WORK TO BE COMPLETED: Pull out every line below containing the word "layers".
= = = =
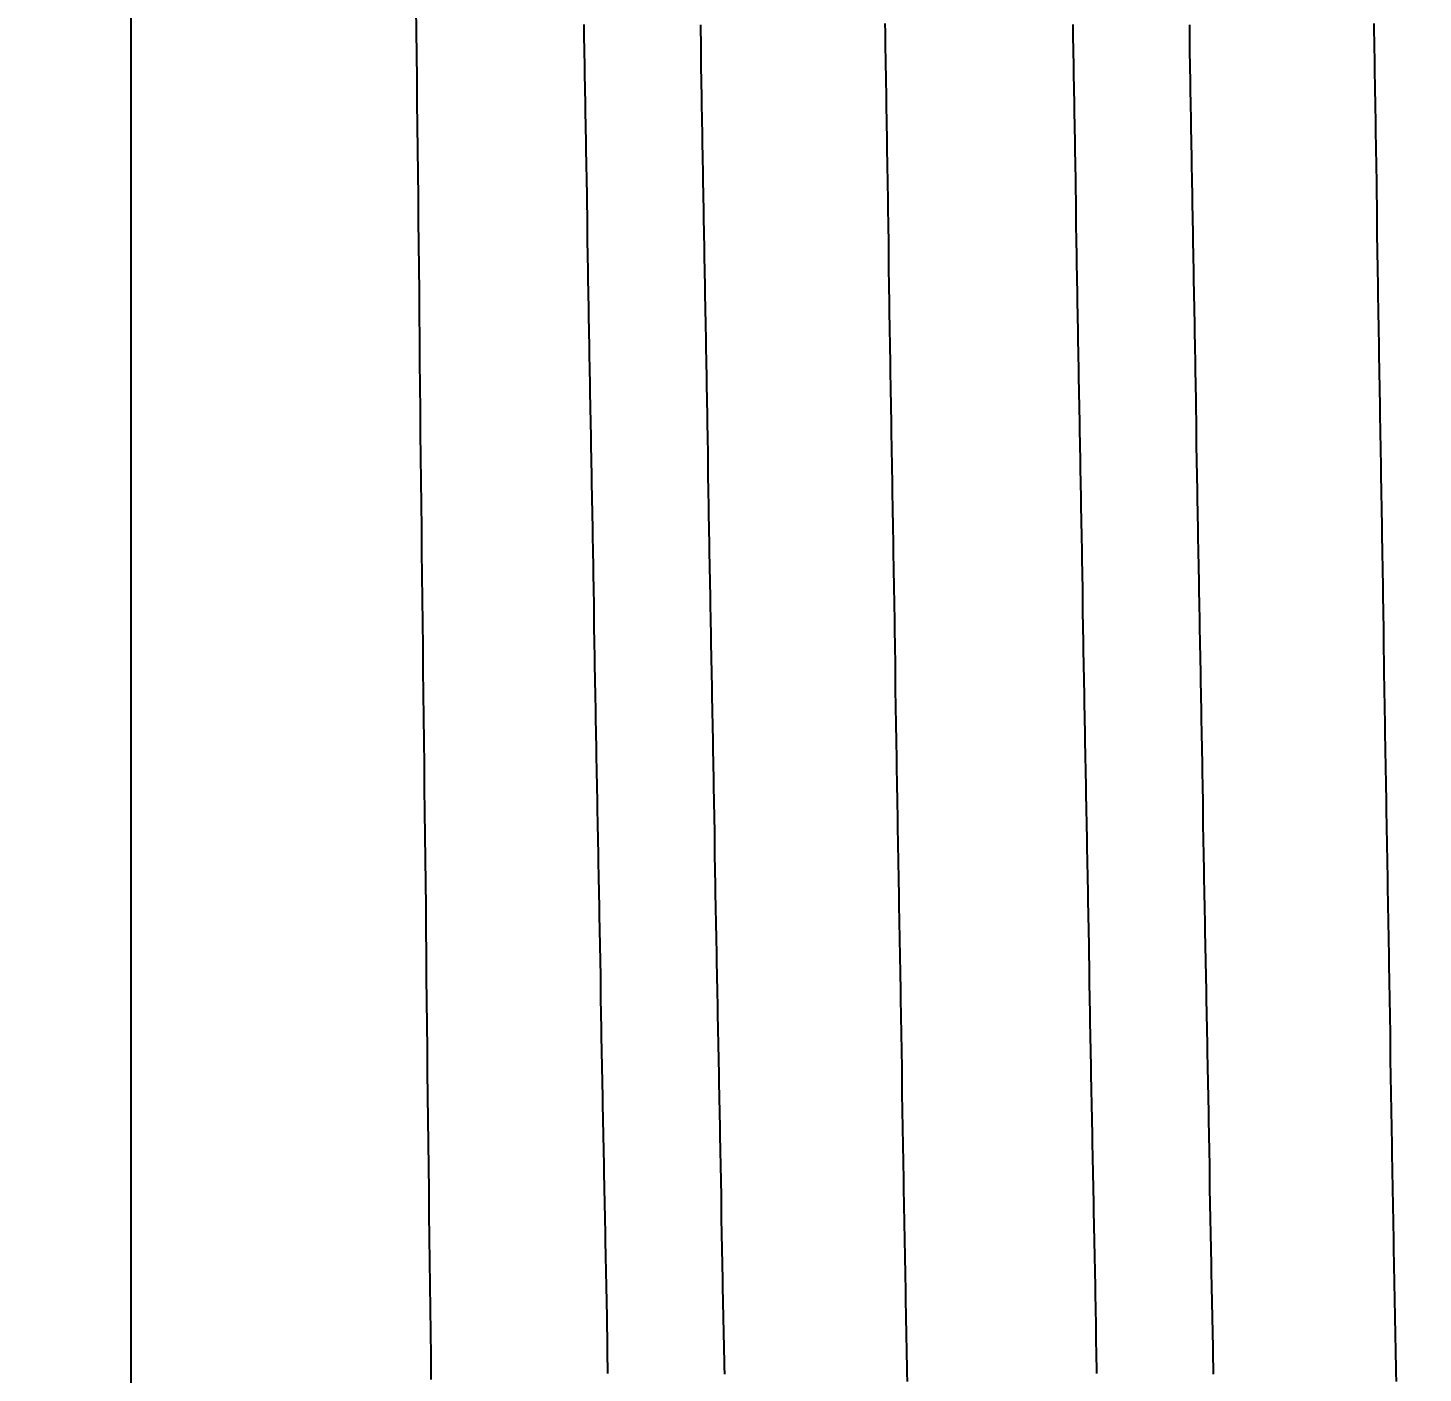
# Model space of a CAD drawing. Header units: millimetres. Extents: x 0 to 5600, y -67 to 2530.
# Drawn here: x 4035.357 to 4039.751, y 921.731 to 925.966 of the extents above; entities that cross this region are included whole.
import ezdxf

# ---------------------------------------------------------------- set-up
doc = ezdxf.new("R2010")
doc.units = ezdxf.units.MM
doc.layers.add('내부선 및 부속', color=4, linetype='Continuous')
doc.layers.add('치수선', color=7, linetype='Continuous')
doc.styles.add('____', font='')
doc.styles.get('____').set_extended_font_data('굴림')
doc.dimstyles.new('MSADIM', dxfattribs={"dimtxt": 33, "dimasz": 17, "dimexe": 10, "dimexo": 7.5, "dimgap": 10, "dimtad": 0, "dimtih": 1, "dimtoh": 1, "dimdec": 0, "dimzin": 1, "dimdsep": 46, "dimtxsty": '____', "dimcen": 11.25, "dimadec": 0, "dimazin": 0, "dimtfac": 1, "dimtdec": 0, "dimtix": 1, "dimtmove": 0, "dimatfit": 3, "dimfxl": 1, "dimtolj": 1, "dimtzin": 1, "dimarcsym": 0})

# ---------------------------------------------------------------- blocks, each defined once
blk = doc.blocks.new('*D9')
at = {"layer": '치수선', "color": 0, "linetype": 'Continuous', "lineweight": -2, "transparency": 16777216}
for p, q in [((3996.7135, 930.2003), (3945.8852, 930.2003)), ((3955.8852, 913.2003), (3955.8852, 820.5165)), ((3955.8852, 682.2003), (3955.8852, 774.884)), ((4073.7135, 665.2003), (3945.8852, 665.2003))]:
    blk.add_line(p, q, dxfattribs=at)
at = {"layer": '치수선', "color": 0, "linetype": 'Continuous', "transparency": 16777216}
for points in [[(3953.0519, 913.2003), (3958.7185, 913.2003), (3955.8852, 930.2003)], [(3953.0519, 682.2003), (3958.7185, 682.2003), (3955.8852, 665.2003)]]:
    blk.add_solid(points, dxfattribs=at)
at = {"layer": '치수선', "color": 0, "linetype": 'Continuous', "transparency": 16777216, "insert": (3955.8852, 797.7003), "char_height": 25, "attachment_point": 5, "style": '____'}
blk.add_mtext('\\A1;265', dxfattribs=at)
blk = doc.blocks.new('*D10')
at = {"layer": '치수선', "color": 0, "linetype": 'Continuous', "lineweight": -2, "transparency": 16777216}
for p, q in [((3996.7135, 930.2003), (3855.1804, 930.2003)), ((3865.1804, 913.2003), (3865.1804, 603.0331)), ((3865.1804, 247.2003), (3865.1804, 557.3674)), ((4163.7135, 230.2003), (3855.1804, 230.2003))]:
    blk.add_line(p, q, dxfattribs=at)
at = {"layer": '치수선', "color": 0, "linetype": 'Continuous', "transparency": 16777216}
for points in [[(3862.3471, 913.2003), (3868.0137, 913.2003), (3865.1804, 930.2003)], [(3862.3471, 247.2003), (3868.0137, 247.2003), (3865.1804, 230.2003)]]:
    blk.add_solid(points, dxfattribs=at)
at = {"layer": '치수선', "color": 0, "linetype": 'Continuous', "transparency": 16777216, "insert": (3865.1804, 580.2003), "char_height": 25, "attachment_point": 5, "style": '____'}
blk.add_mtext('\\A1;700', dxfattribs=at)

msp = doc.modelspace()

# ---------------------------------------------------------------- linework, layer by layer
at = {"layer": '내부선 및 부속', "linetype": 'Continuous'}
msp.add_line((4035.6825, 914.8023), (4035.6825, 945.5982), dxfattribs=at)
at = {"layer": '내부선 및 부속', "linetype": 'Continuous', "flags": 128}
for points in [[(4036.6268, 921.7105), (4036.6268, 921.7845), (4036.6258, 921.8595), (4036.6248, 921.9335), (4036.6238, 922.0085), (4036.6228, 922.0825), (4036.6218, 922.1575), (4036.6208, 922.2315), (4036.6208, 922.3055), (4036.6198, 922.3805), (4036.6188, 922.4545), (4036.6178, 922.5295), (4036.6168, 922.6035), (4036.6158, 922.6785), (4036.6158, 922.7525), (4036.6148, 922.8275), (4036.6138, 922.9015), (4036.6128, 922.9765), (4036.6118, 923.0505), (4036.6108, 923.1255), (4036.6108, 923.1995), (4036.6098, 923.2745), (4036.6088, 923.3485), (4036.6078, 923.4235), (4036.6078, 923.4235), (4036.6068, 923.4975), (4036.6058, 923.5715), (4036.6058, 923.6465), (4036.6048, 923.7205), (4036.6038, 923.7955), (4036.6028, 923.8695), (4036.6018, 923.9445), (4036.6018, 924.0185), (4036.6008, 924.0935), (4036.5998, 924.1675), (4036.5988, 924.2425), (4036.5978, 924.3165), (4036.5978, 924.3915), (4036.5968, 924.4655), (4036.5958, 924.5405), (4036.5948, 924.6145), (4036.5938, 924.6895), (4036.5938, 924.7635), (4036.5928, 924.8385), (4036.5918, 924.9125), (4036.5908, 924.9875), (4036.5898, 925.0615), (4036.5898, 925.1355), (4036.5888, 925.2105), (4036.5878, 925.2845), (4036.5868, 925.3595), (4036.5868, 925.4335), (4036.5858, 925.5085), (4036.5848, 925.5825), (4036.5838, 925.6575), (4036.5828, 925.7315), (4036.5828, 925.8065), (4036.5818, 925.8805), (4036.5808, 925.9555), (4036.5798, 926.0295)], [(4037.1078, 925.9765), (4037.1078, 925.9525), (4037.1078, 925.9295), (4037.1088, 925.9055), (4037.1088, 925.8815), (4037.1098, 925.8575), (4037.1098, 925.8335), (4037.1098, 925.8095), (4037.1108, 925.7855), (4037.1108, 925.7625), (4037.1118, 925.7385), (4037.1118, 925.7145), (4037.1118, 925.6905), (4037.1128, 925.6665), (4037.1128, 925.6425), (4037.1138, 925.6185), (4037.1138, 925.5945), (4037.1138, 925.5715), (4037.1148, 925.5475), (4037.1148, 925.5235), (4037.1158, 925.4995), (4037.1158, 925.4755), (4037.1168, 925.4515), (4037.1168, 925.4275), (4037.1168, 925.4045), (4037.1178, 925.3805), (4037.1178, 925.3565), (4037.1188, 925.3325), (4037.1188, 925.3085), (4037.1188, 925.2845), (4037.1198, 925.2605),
= = = =
EXERCISE ANSWER:
doc.layers.add('내부선 및 부속', color=4, linetype='Continuous')
doc.layers.add('치수선', color=7, linetype='Continuous')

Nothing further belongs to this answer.